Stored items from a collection
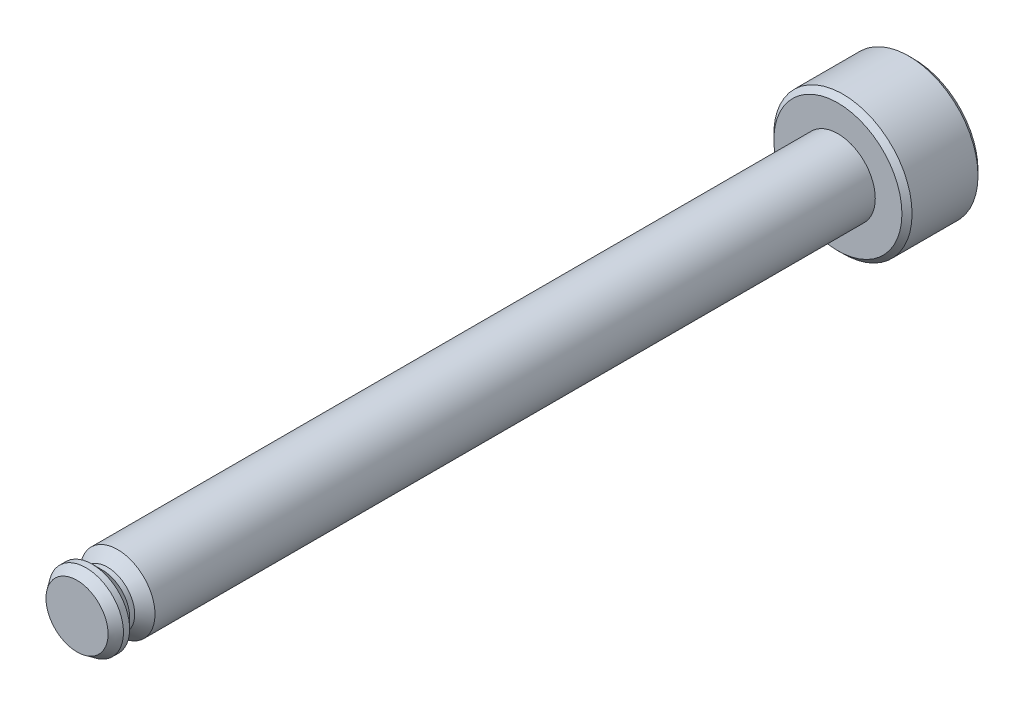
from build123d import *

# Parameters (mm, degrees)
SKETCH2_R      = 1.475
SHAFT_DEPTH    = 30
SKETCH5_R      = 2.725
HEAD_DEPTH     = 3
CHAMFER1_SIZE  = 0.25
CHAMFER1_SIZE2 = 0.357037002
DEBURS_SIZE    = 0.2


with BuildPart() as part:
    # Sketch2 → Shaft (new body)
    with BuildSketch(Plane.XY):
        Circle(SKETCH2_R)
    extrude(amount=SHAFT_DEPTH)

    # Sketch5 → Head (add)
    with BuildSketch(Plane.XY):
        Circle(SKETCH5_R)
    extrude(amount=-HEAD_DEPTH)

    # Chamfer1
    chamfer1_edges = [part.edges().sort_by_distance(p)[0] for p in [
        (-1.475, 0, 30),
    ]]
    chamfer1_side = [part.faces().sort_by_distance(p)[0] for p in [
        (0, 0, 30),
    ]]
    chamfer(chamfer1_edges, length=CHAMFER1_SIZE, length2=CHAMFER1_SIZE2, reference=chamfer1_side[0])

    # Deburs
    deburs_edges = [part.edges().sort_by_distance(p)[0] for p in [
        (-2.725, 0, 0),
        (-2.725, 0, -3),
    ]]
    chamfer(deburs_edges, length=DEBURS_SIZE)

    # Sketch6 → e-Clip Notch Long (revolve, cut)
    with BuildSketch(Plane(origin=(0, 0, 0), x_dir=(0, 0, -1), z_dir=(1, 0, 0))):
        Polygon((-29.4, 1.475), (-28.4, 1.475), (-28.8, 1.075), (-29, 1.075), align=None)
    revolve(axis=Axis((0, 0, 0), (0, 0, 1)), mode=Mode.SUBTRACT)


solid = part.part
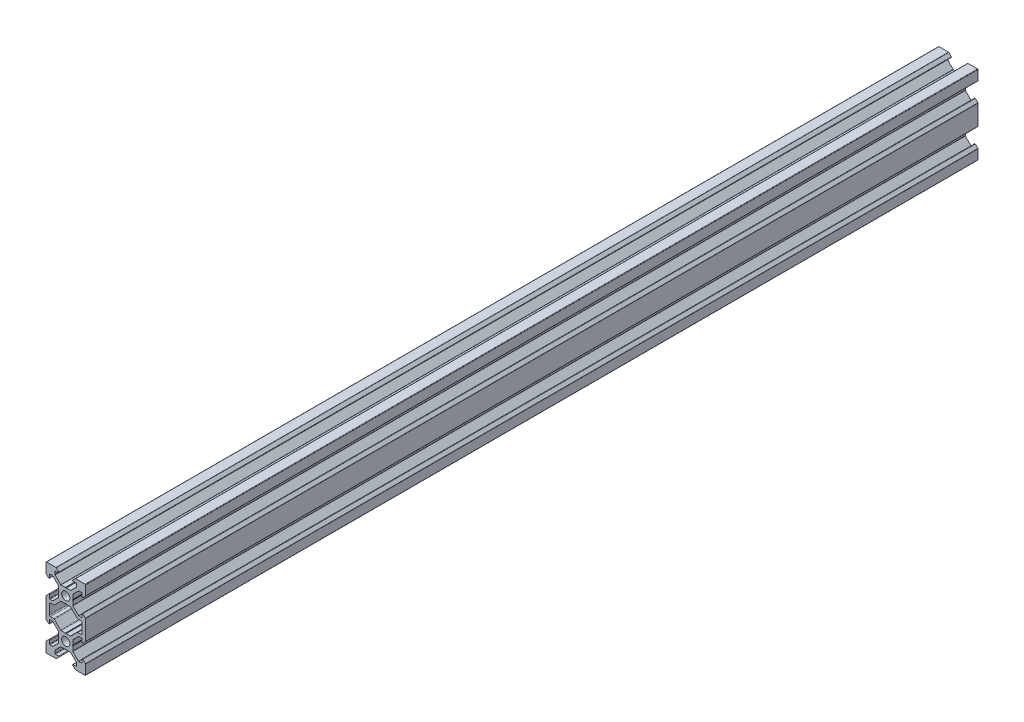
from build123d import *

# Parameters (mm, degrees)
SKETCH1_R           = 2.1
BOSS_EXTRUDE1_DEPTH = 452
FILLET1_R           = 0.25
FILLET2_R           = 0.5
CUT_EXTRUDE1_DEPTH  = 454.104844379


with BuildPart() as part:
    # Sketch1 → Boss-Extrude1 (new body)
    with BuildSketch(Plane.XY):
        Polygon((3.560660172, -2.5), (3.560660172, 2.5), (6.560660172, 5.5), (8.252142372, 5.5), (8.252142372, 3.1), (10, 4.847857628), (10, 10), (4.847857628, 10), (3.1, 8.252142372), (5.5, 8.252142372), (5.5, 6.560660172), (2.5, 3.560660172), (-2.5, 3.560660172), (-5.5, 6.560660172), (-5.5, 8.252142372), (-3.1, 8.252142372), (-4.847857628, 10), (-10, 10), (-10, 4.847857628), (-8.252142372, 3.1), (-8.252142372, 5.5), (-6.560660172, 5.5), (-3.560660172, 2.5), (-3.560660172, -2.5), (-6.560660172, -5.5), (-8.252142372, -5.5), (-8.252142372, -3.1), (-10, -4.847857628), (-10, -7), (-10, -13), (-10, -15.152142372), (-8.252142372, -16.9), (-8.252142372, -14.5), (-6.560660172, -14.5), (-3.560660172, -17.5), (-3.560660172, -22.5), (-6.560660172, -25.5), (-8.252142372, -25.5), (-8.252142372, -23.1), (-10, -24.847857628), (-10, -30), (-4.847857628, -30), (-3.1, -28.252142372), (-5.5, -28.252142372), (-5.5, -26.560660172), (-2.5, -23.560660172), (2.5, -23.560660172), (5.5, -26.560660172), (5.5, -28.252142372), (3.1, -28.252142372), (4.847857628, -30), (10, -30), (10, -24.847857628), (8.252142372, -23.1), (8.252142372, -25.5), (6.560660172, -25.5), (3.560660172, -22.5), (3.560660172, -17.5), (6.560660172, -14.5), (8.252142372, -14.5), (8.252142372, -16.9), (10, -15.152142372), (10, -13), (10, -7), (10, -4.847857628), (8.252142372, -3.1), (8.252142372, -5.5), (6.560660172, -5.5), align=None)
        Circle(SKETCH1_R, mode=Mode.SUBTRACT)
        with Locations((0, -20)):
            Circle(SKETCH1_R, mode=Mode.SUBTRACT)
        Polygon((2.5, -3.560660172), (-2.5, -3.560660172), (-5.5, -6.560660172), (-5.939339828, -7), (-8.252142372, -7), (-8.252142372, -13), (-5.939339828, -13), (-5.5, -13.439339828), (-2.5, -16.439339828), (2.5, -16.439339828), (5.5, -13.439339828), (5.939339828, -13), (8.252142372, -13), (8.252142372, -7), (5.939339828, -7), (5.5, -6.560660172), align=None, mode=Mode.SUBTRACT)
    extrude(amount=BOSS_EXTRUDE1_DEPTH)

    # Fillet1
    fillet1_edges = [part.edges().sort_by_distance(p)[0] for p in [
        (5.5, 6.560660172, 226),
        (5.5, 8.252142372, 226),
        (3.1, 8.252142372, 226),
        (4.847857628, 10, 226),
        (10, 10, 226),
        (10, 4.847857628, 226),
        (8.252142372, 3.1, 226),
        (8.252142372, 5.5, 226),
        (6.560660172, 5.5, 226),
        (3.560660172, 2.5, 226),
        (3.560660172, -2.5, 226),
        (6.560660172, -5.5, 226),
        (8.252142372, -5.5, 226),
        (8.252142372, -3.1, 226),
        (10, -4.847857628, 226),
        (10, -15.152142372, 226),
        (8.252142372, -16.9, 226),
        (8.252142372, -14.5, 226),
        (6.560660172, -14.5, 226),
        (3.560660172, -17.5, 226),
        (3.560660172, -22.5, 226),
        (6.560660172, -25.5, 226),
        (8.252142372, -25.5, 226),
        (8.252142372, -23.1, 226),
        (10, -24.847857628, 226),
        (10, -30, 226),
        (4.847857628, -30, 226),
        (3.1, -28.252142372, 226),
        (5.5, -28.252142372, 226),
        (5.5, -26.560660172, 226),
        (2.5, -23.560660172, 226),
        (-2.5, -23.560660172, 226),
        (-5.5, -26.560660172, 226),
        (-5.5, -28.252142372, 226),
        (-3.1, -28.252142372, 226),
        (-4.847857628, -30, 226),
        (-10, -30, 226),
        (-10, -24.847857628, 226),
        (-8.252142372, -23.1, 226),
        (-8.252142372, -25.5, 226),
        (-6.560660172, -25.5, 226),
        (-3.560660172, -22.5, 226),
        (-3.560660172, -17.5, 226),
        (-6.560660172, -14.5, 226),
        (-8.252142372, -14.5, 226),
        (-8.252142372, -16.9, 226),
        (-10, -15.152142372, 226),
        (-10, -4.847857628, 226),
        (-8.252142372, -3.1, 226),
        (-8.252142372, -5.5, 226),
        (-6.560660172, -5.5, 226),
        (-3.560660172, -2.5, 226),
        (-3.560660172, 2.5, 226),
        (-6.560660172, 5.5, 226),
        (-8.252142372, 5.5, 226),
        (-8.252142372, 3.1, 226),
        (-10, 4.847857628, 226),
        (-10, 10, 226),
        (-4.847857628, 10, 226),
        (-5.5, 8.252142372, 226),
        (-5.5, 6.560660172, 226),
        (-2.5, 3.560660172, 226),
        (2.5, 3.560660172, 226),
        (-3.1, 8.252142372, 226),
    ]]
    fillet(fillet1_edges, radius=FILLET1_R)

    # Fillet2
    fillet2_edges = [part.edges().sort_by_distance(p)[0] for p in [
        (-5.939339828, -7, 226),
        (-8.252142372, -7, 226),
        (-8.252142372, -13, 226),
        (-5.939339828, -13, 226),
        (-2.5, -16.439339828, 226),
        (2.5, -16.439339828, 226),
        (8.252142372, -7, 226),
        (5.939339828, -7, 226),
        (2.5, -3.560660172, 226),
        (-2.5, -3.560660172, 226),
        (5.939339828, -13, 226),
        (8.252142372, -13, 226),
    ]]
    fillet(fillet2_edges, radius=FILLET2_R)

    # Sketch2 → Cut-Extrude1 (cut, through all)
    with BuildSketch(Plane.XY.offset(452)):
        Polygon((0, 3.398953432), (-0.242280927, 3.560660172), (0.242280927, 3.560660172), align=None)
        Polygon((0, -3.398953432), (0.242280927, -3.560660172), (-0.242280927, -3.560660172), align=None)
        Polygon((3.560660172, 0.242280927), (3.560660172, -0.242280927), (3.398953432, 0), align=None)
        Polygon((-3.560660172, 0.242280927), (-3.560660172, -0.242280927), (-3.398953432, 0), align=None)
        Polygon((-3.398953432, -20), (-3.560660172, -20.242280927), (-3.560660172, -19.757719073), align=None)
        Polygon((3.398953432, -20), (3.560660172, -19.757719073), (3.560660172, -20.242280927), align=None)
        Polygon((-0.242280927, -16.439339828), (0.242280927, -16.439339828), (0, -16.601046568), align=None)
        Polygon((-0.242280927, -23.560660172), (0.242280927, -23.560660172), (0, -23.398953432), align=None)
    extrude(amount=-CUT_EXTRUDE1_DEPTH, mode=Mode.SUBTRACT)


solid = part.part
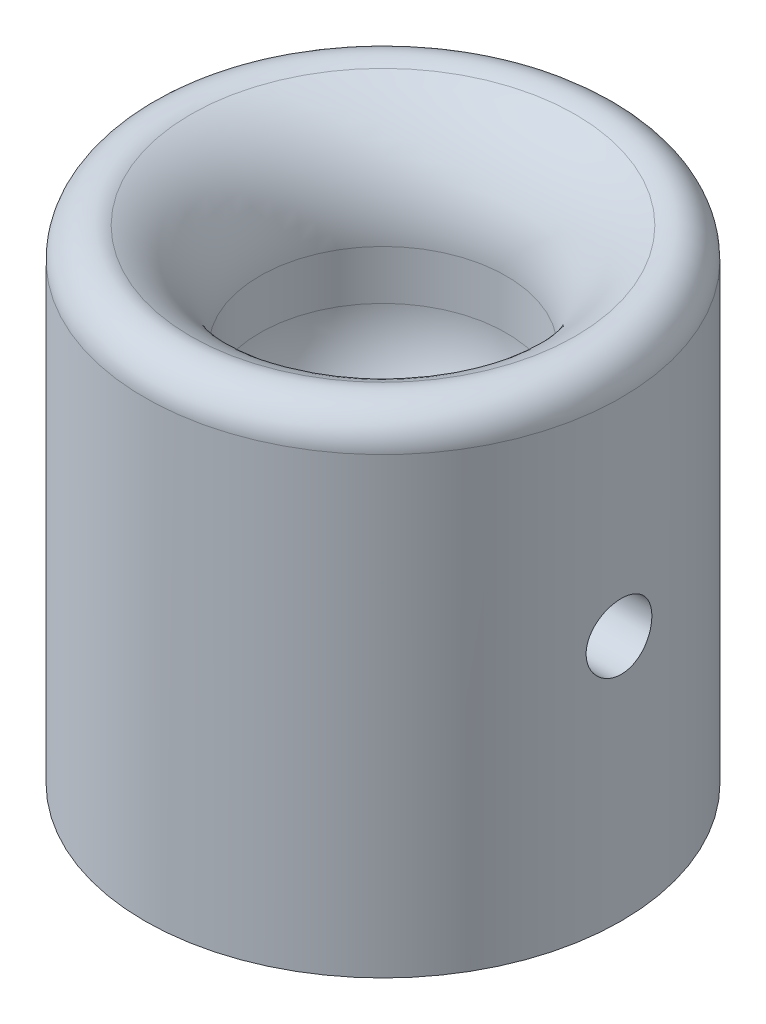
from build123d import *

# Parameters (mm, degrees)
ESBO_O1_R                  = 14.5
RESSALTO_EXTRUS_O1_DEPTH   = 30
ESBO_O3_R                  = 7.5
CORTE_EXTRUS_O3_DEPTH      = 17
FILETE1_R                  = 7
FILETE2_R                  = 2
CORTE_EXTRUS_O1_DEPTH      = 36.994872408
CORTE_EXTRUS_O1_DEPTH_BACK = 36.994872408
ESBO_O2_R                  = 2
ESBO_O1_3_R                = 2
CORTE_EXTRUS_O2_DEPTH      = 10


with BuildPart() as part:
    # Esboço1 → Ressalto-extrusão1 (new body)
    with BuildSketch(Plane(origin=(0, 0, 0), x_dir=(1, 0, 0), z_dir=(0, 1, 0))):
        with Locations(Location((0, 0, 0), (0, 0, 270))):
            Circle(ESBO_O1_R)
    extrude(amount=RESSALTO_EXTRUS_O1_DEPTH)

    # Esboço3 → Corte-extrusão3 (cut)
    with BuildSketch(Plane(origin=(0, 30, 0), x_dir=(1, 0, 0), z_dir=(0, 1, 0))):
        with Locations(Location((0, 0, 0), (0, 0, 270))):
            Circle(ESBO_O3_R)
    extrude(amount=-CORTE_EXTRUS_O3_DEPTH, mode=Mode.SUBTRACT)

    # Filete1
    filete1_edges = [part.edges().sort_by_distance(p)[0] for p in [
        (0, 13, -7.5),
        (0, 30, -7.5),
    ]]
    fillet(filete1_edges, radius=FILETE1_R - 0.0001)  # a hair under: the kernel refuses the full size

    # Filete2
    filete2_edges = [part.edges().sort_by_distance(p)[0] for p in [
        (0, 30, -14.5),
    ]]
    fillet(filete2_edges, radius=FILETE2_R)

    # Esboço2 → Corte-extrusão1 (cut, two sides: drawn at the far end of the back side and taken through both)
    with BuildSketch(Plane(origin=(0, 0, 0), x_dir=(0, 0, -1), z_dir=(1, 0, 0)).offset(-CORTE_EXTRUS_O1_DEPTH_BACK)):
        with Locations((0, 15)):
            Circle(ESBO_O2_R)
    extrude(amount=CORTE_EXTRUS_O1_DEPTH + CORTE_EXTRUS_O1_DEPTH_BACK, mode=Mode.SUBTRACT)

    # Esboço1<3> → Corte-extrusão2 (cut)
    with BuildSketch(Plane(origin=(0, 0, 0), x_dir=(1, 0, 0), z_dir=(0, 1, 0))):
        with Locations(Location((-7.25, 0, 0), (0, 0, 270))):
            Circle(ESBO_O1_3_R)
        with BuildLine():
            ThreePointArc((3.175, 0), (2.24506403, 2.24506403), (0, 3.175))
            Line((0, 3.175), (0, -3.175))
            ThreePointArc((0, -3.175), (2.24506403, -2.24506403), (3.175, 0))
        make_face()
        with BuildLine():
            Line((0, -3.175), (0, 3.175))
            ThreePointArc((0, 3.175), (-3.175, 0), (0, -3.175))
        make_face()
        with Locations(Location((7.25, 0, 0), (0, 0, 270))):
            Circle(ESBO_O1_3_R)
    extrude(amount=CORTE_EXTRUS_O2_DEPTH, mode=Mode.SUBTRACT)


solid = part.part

Exercise prompt:
From the first line above to the line containing "Circle(SKETCH2_R)", repeat each line exactly. Pictures stay out.

Answer to the problem:
from build123d import *

# Parameters (mm, degrees)
SKETCH2_R      = 1.475
SHAFT_DEPTH    = 30
SKETCH5_R      = 2.725
HEAD_DEPTH     = 3
CHAMFER1_SIZE  = 0.25
CHAMFER1_SIZE2 = 0.357037002
DEBURS_SIZE    = 0.2


with BuildPart() as part:
    # Sketch2 → Shaft (new body)
    with BuildSketch(Plane.XY):
        Circle(SKETCH2_R)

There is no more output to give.